New Explore: Faster answers, less friction, and a better way to investigate your data

There is a moment every engineer knows too well. Something is wrong in production. You have an alert, a vague symptom, and pressure to find the one signal that explains what changed. You open your logs and traces, and you immediately hit the same two problems: the dataset is huge, and the path from “I see something odd” to “I understand why” is full of tiny, exhausting steps.

Meet Explore 2.0, our redesigned investigation experience for logs, traces, and spans. It is built to offer zero learning curve for first-time users, maximize efficiency for daily debugging, and provide true data exploration when you need to turn raw events into an actionable story.

Why data can be hard to explore in the first place

Telemetry is one of the most valuable sources of truth, but it comes with a unique challenge. Logs are often unstructured or semi-structured. Two logs from the same service might not share the same fields, and the underlying infrastructure schema changes continuously. Even when the data is present, investigations slow down because you do not know which fields exist, what values are common, or how to narrow the scope without trial and error.

That is why many teams end up treating log and span exploration like a series of disconnected tasks. Search, scroll, copy a value, paste it somewhere else, adjust the time range, repeat. You spend time operating the tool instead of learning from the data.

Explore 2.0 focuses on turning that process into a single, coherent workflow.

A more natural investigation flow

Most investigations start in one of two ways.

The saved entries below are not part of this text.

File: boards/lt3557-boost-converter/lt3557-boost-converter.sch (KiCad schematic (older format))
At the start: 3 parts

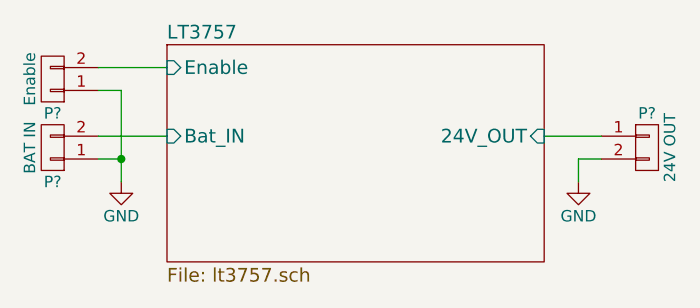
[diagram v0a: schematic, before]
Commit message: lt3557-boost-converter: schematic finished; parts selected; footprints assigned
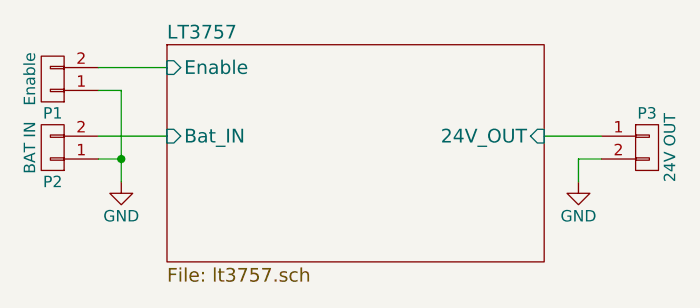
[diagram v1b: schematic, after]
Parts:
- P1: renamed from P?; footprint (none) -> Pin_Headers:Pin_Header_Straight_1x02
- P2, P3: renamed from P?; footprint (none) -> Connect:bornier2
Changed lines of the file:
@@
 $EndDescr
 $Comp
-L CONN_01X02 P?
+L CONN_01X02 P2
 U 1 1 588F8DF1
 P 3950 3750
-F 0 "P?" H 3950 3900 50  0000 C CNN
+F 0 "P2" H 3950 3900 50  0000 C CNN
 F 1 "BAT IN" V 4050 3750 50  0000 C CNN
-F 2 "" H 3950 3750 50  0000 C CNN
+F 2 "Connect:bornier2" H 3950 3750 50  0001 C CNN
 F 3 "" H 3950 3750 50  0000 C CNN
 	1    3950 3750
@@
 $EndComp
 $Comp
-L CONN_01X02 P?
+L CONN_01X02 P3
 U 1 1 588F8E73
 P 6550 3750
-F 0 "P?" H 6550 3900 50  0000 C CNN
+F 0 "P3" H 6550 3900 50  0000 C CNN
 F 1 "24V OUT" V 6650 3750 50  0000 C CNN
-F 2 "" H 6550 3750 50  0000 C CNN
+F 2 "Connect:bornier2" H 6550 3750 50  0001 C CNN
 F 3 "" H 6550 3750 50  0000 C CNN
 	1    6550 3750
@@
 $EndComp
 $Comp
-L GND #PWR?
+L GND #PWR01
 U 1 1 588F8FEC
 P 6250 3900
-F 0 "#PWR?" H 6250 3650 50  0001 C CNN
+F 0 "#PWR01" H 6250 3650 50  0001 C CNN
 F 1 "GND" H 6250 3750 50  0000 C CNN
 F 2 "" H 6250 3900 50  0000 C CNN
@@
 $EndComp
 $Comp
-L GND #PWR?
+L GND #PWR02
 U 1 1 588F9004
 P 4250 3900
-F 0 "#PWR?" H 4250 3650 50  0001 C CNN
+F 0 "#PWR02" H 4250 3650 50  0001 C CNN
 F 1 "GND" H 4250 3750 50  0000 C CNN
 F 2 "" H 4250 3900 50  0000 C CNN
@@
 $EndSheet
 $Comp
-L CONN_01X02 P?
+L CONN_01X02 P1
 U 1 1 588F9182
 P 3950 3450
-F 0 "P?" H 3950 3600 50  0000 C CNN
+F 0 "P1" H 3950 3600 50  0000 C CNN
 F 1 "Enable" V 4050 3450 50  0000 C CNN
-F 2 "" H 3950 3450 50  0000 C CNN
+F 2 "Pin_Headers:Pin_Header_Straight_1x02" H 3950 3450 50  0001 C CNN
 F 3 "" H 3950 3450 50  0000 C CNN
 	1    3950 3450
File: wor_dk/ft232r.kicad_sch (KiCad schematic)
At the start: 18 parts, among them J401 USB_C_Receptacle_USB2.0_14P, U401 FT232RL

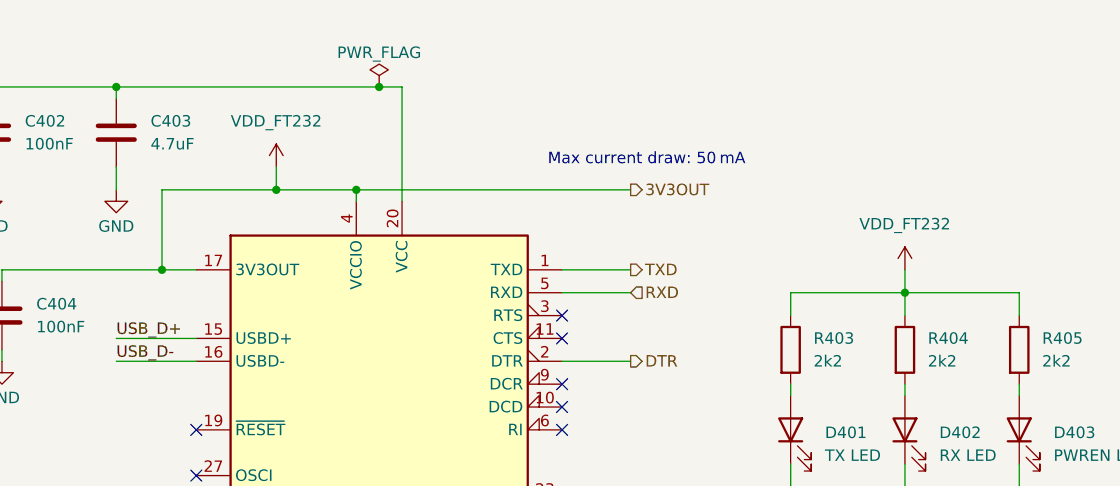
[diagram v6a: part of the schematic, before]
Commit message: wor_dk: top-level connections & cleanup
- top-level connections for TMUX control & UART done (selection
  between FTDI and DAP Link via jumpers)
- all ERC errors & warnings cleaned up
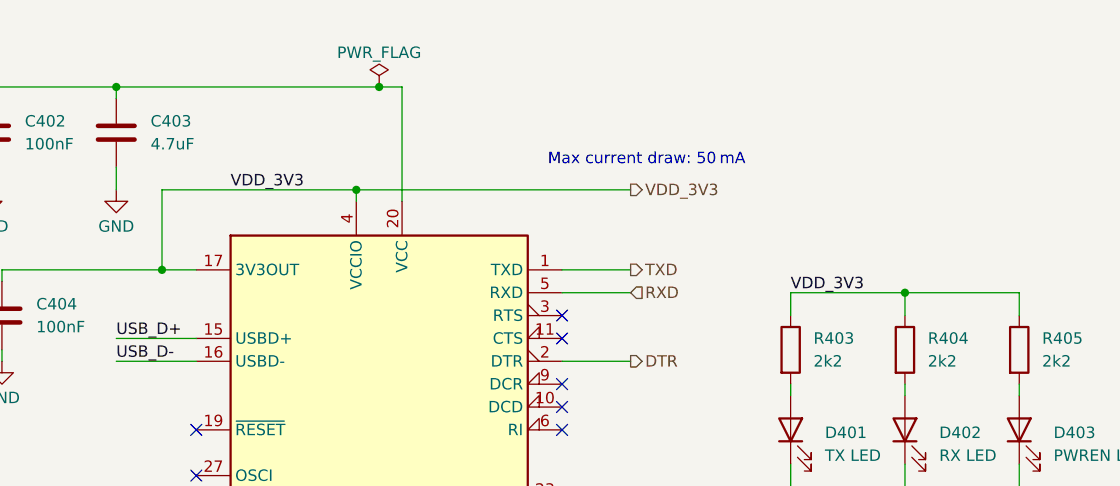
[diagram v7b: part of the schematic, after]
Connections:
- net VDD_FT232 renamed VDD_3V3
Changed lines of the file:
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@@
 	)
 	(junction
-		(at 185.42 72.39)
-		(diameter 0)
-		(color 0 0 0 0)
-	)
-	(junction
 		(at 172.72 81.28)
 		(diameter 0)
@@
 	(wire
 		(pts
-			(xy 255.27 81.28) (xy 255.27 83.82)
-		)
-		(stroke
-			(width 0)
-			(type default)
-		)
-	)
-	(wire
-		(pts
 			(xy 50.8 128.27) (xy 58.42 128.27)
 		)
@@
 	(wire
 		(pts
-			(xy 185.42 72.39) (xy 172.72 72.39)
+			(xy 172.72 72.39) (xy 194.31 72.39)
 		)
 		(stroke
@@
 	(wire
 		(pts
-			(xy 185.42 69.85) (xy 185.42 72.39)
-		)
-		(stroke
-			(width 0)
-			(type default)
-		)
-	)
-	(wire
-		(pts
 			(xy 198.12 127) (xy 198.12 129.54)
 		)
@@
 	(wire
 		(pts
-			(xy 194.31 72.39) (xy 185.42 72.39)
-		)
-		(stroke
-			(width 0)
-			(type default)
-		)
-	)
-	(wire
-		(pts
 			(xy 93.98 83.82) (xy 93.98 87.63)
 		)
@@
 		)
 	)
+	(label "VDD_3V3"
+		(at 180.34 72.39 0)
+		(fields_autoplaced yes)
+		(effects
+			(font
+				(size 1.27 1.27)
+			)
+			(justify left bottom)
+		)
+	)
 	(label "USB_D+"
 		(at 167.64 88.9 0)
@@
 		)
 	)
+	(label "VDD_3V3"
+		(at 242.57 83.82 0)
+		(fields_autoplaced yes)
+		(effects
+			(font
+				(size 1.27 1.27)
+			)
+			(justify left bottom)
+		)
+	)
 	(label "USB_D+"
 		(at 77.47 96.52 0)
@@
 		)
 	)
-	(hierarchical_label "3V3OUT"
+	(hierarchical_label "VDD_3V3"
 		(shape output)
 		(at 224.79 72.39 0)
@@
 	)
 	(symbol
-		(lib_id "power:VDD")
-		(at 255.27 81.28 0)
-		(unit 1)
-		(exclude_from_sim no)
-		(in_bom yes)
-		(on_board yes)
-		(dnp no)
-		(fields_autoplaced yes)
-		(property "Reference" "#PWR0405"
-			(at 255.27 85.09 0)
-			(effects
-				(font
-					(size 1.27 1.27)
-				)
-				(hide yes)
-			)
-		)
-		(property "Value" "VDD_FT232"
-			(at 255.27 76.2 0)
-			(effects
-				(font
-					(size 1.27 1.27)
-				)
-			)
-		)
-		(property "Footprint" ""
-			(at 255.27 81.28 0)
-			(effects
-				(font
-					(size 1.27 1.27)
-				)
-				(hide yes)
-			)
-		)
-		(property "Datasheet" ""
-			(at 255.27 81.28 0)
-			(effects
-				(font
-					(size 1.27 1.27)
-				)
-				(hide yes)
-			)
-		)
-		(property "Description" "Power symbol creates a global label with name \"VDD\""
-			(at 255.27 81.28 0)
-			(effects
-				(font
-					(size 1.27 1.27)
-				)
-				(hide yes)
-			)
-		)
-		(pin "1"
-		)
-		(instances
-			(project ""
-				(path "/8d3147eb-060b-4f65-bf42-ed06a58b21ba/711499aa-b4ff-4669-a7c0-a5db1aab8120"
-					(reference "#PWR0405")
-					(unit 1)
-				)
-			)
-		)
-	)
-	(symbol
 		(lib_id "power:GND")
 		(at 154.94 91.44 0)
@@
 					(unit 1)
 				)
-			)
-		)
-	)
-	(symbol
-		(lib_id "power:VDD")
-		(at 185.42 69.85 0)
-		(unit 1)
-		(exclude_from_sim no)
-		(in_bom yes)
-		(on_board yes)
-		(dnp no)
-		(fields_autoplaced yes)
-		(property "Reference" "#PWR0401"
-			(at 185.42 73.66 0)
-			(effects
-				(font
-					(size 1.27 1.27)
-				)
-				(hide yes)
-			)
-		)
-		(property "Value" "VDD_FT232"
-			(at 185.42 64.77 0)
-			(effects
-				(font
-					(size 1.27 1.27)
-				)
-			)
-		)
-		(property "Footprint" ""
-			(at 185.42 69.85 0)
-			(effects
-				(font
-					(size 1.27 1.27)
-				)
-				(hide yes)
-			)
-		)
-		(property "Datasheet" ""
-			(at 185.42 69.85 0)
-			(effects
-				(font
-					(size 1.27 1.27)
-				)
-				(hide yes)
-			)
-		)
-		(property "Description" "Power symbol creates a global label with name \"VDD\""
-			(at 185.42 69.85 0)
-			(effects
-				(font
-					(size 1.27 1.27)
-				)
-				(hide yes)
-			)
-		)
-		(pin "1"
-		)
-		(instances
-			(project "wor_dk"
-				(path "/8d3147eb-060b-4f65-bf42-ed06a58b21ba/711499aa-b4ff-4669-a7c0-a5db1aab8120"
-					(reference "#PWR0401")
-					(unit 1)
-				)

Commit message: wor_dk: add footprints & part info for all resistors
All resistors are JLCPCB basic parts. Footprint 0402 is used for all
resistors, except for 0 Ω resistors, where 0805 is used.
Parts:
- R401, R402: footprint (none) -> Resistor_SMD:R_0402_1005Metric; Comment (none) -> JLCPCB basic part; LCSC (none) -> C25905; MPN (none) -> 0402WGF5101TCE; Manufacturer (none) -> Uniroyal Elec
- R403, R404, R405: MPN (none) -> 0402WGF2201TCE
- R406: footprint (none) -> Resistor_SMD:R_0805_2012Metric; Comment (none) -> JLCPCB basic part; LCSC (none) -> C17477; MPN (none) -> 0805W8F0000T5E; Manufacturer (none) -> Uniroyal Elec
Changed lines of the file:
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@@
 			)
 		)
-		(property "Footprint" ""
+		(property "Footprint" "Resistor_SMD:R_0805_2012Metric"
 			(at 49.022 120.65 90)
 			(effects
@@
 			)
 		)
-		(property "Datasheet" "~"
+		(property "Datasheet" "https://wmsc.lcsc.com/wmsc/upload/file/pdf/v2/lcsc/2206010216_UNI-ROYAL-Uniroyal-Elec-0805W8F0000T5E_C17477.pdf"
 			(at 50.8 120.65 0)
 			(effects
@@
 			)
 		)
-		(property "Description" "Resistor"
+		(property "Description" "25mW Thick Film Resistors 150V ±800ppm/℃ ±1% 0Ω 0805"
+			(at 50.8 120.65 0)
+			(effects
+				(font
+					(size 1.27 1.27)
+				)
+				(hide yes)
+			)
+		)
+		(property "Comment" "JLCPCB basic part"
+			(at 50.8 120.65 0)
+			(effects
+				(font
+					(size 1.27 1.27)
+				)
+				(hide yes)
+			)
+		)
+		(property "LCSC" "C17477"
+			(at 50.8 120.65 0)
+			(effects
+				(font
+					(size 1.27 1.27)
+				)
+				(hide yes)
+			)
+		)
+		(property "MPN" "0805W8F0000T5E"
+			(at 50.8 120.65 0)
+			(effects
+				(font
+					(size 1.27 1.27)
+				)
+				(hide yes)
+			)
+		)
+		(property "Manufacturer" "Uniroyal Elec"
 			(at 50.8 120.65 0)
 			(effects
@@
 			)
 		)
-		(property "Footprint" ""
+		(property "Footprint" "Resistor_SMD:R_0402_1005Metric"
 			(at 85.09 85.598 90)
 			(effects
@@
 			)
 		)
-		(property "Datasheet" "~"
+		(property "Datasheet" "https://wmsc.lcsc.com/wmsc/upload/file/pdf/v2/lcsc/2206010045_UNI-ROYAL-Uniroyal-Elec-0402WGF5101TCE_C25905.pdf"
 			(at 85.09 83.82 0)
 			(effects
@@
 			)
 		)
-		(property "Description" "Resistor"
+		(property "Description" "62.5mW Thick Film Resistors 50V ±100ppm/℃ ±1% 5.1kΩ 0402"
+			(at 85.09 83.82 0)
+			(effects
+				(font
+					(size 1.27 1.27)
+				)
+				(hide yes)
+			)
+		)
+		(property "LCSC" "C25905"
+			(at 85.09 83.82 0)
+			(effects
+				(font
+					(size 1.27 1.27)
+				)
+				(hide yes)
+			)
+		)
+		(property "MPN" "0402WGF5101TCE"
+			(at 85.09 83.82 0)
+			(effects
+				(font
+					(size 1.27 1.27)
+				)
+				(hide yes)
+			)
+		)
+		(property "Manufacturer" "Uniroyal Elec"
+			(at 85.09 83.82 0)
+			(effects
+				(font
+					(size 1.27 1.27)
+				)
+				(hide yes)
+			)
+		)
+		(property "Comment" "JLCPCB basic part"
 			(at 85.09 83.82 0)
 			(effects
@@
 			)
 		)
-		(property "Footprint" ""
+		(property "Footprint" "Resistor_SMD:R_0402_1005Metric"
 			(at 85.09 79.502 90)
 			(effects
@@
 			)
 		)
-		(property "Datasheet" "~"
+		(property "Datasheet" "https://wmsc.lcsc.com/wmsc/upload/file/pdf/v2/lcsc/2206010045_UNI-ROYAL-Uniroyal-Elec-0402WGF5101TCE_C25905.pdf"
 			(at 85.09 81.28 0)
 			(effects
@@
 			)
 		)
-		(property "Description" "Resistor"
+		(property "Description" "62.5mW Thick Film Resistors 50V ±100ppm/℃ ±1% 5.1kΩ 0402"
+			(at 85.09 81.28 0)
+			(effects
+				(font
+					(size 1.27 1.27)
+				)
+				(hide yes)
+			)
+		)
+		(property "LCSC" "C25905"
+			(at 85.09 81.28 0)
+			(effects
+				(font
+					(size 1.27 1.27)
+				)
+				(hide yes)
+			)
+		)
+		(property "MPN" "0402WGF5101TCE"
+			(at 85.09 81.28 0)
+			(effects
+				(font
+					(size 1.27 1.27)
+				)
+				(hide yes)
+			)
+		)
+		(property "Manufacturer" "Uniroyal Elec"
+			(at 85.09 81.28 0)
+			(effects
+				(font
+					(size 1.27 1.27)
+				)
+				(hide yes)
+			)
+		)
+		(property "Comment" "JLCPCB basic part"
 			(at 85.09 81.28 0)
 			(effects
@@
 			)
 		)
+		(property "MPN" "0402WGF2201TCE"
+			(at 267.97 90.17 0)
+			(effects
+				(font
+					(size 1.27 1.27)
+				)
+				(hide yes)
+			)
+		)
 		(pin "1"
 		)
@@
 			)
 		)
+		(property "MPN" "0402WGF2201TCE"
+			(at 242.57 90.17 0)
+			(effects
+				(font
+					(size 1.27 1.27)
+				)
+				(hide yes)
+			)
+		)
 		(pin "1"
 		)
@@
 			(at 255.27 90.17 0)
 			(effects
+				(font
+					(size 1.27 1.27)
+				)
+				(hide yes)
+			)
+		)
+		(property "MPN" "0402WGF2201TCE"
+			(at 255.27 90.17 0)
+			(effects

Sometimes you know exactly what you are looking for. A request ID, an exception type, a pod name, a customer identifier, or a specific error message. Other times you do not know which log or span you are looking for yet. You only know the symptom. There is a spike in errors, latency climbed, a deployment happened, or a service started restarting. You need to explore the shape of the problem before you can even write the query.

Explore supports both of these paths across logs and traces without forcing you into separate tools. You can start broadly, narrow quickly, then drill into the exact entry that explains the behavior.

Query Builder: Exploration without writing code

One of the biggest improvements in Explore 2.0 is the emphasis on a UI-first Query Builder. The goal is simple: let users filter, group, and aggregate logs and spans through guided visual workflows without needing to switch into a code editor or remember syntax details.

This matters because many useful questions are not “find me the log with this exact value.” They are structural questions like:

  • What error types increased in the last 30 minutes?
  • Which services are producing most of the warnings?
  • Which environment is driving the spike?
  • Which region or customer ID is affected?

In Explore 2.0, these questions are answered directly through interactive controls. Instead of jumping immediately into a complicated query, you can build up the investigation step by step using Group by, aggregation chips, order by and limit as to see the results change, and iterate quickly.

Move from raw data to patterns, not just more scrolling

Scrolling through raw lines is sometimes necessary, but it is rarely the fastest way to understand what is happening. The more effective approach is to summarize, then zoom in.

Explore 2.0 makes this flow seamless with the Overview tab. When you add a grouping or aggregation in the Query Builder, the interface routes you to an aggregated, sortable view automatically. You can shift from raw events to a table that shows top contributors or quiet outliers, then click through to see the underlying logs or spans that explain a spike. It helps you find exactly what is driving an issue in minutes instead of turning it into a manual sampling exercise. The Overview tab works alongside all other tabs, switch to Logs or Spans at any time to see the raw data behind the aggregation

Context-aware field discovery with Schema Store

In most observability tools, you are stuck guessing which fields exist. In Explore 2.0, you always know.

Traditional log exploration is plagued by inconsistent schemas, forcing engineers to manually type out keys and pray they are spelled correctly or actually present in the data. Explore 2.0 eliminates this friction by tracking your evolving schema automatically behind the scenes.

The updated Fields panel directly reads the Coralogix Schema Store to understand exactly which fields existed and, crucially, when they existed. This historical tracking makes the autocomplete panel completely context-aware, aligning perfectly with your active time window.

As you search, the Fields panel displays an open list of every detected key for that specific interval. Instead of dealing with rigid, static filters, you can favorite key attributes to pin them to the top of your workspace, view real-time field popularity statistics, and inspect inline value distributions to see the most common values before you even hit run.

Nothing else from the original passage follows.